The net energy impact for export/import is shown as the difference
between the sum of value for (b) and (c) and the value of (e).
At (f), account is taken for crop residues left in the fields after
harvest. This averages 25% across the mix of vegetals.
Finally at (g), an estimate is made of the amount of photosynthetic
energy needed to create the field biomass. A number of different
sources and approaches were taken, and the range of results, on an
"efficiency of capture" basis, was from 2-3%. (48 kcal of
photosynthetic energy per kcal of biomass was ultimately selected.)
Summary
* To produce 1 kcal of nutrient requires a natural system input of
350 kcal of direct solar energy and more than 10 kcal of other energy
(primarily fossil, which is simply a concentrated, stored form of
solar energy).
* Because no discernible change in photosynthetic sunlight occurred
over the last century, the changes in agricultural yields (Figure 1,
at the end of this paper) have to be a result primarily of fossil
energy inputs in various forms (allowed by a hybrid seed). It is
clear that the yield leverage in agriculture for fossil fuels is
enormous (recall that less than a third of the 17% of the national
energy budget is used on the farm).
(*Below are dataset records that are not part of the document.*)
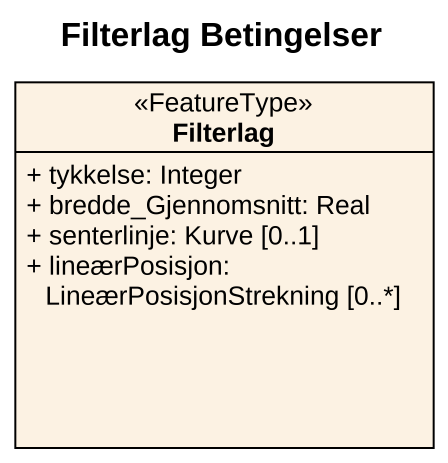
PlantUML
@startuml
title Filterlag Betingelser
hide circle
hide empty members
skinparam classAttributeIconSize 0
class Filterlag <<FeatureType>> {
  + tykkelse: Integer
  + bredde_Gjennomsnitt: Real
  + senterlinje: Kurve [0..1]
  + lineærPosisjon: LineærPosisjonStrekning [0..*]
}
@enduml

This places us on the horns of a
dilemma: the use of fossil fuels has allowed us to feed a rapidly
increasing population (ours and others because the United States is
one of the world's largest exporters of grain), but we know it is not
sustainable. It is not fanciful to suggest that, without modification
in our energy policies, a future tradeoff between eating and driving
could be required.
* The "demand" drive for quick and easy nutrients has dramatically
increased the energy content of the overhead system -- the marketing
system uses more than two-thirds of the 17% of the national energy
budget. Resource subsidies and price/value distortions, especially in
fossil fuels and irrigation water, allow California, for example, to
supply 40% of U.S. produce, even though it takes three times more
energy to transport a head of lettuce from California to New York
than it takes to grow it. Apples, formerly grown in New York State,
are now grown in Washington State, kept in cold storage and then
transported to New York for consumption.
* In energy availability terms, the tradeoff of expanding human
energy resources and shrinking fossil energy resources requires
reexamination.
* The metrics of energy in the nutrient equation is only one of
several likely sustainability constraints. Another, for example, is
groundwater -- the annual overdraft of the Ogallala aquifer located
under the U.S. Midwestern Great Plains "breadbasket" is currently
130% to 160% above replacement, a rate that will cause the aquifer to
become nonproductive in 40 years.17 Soil erosion and groundwater
pollution are also possible limits to sustainability.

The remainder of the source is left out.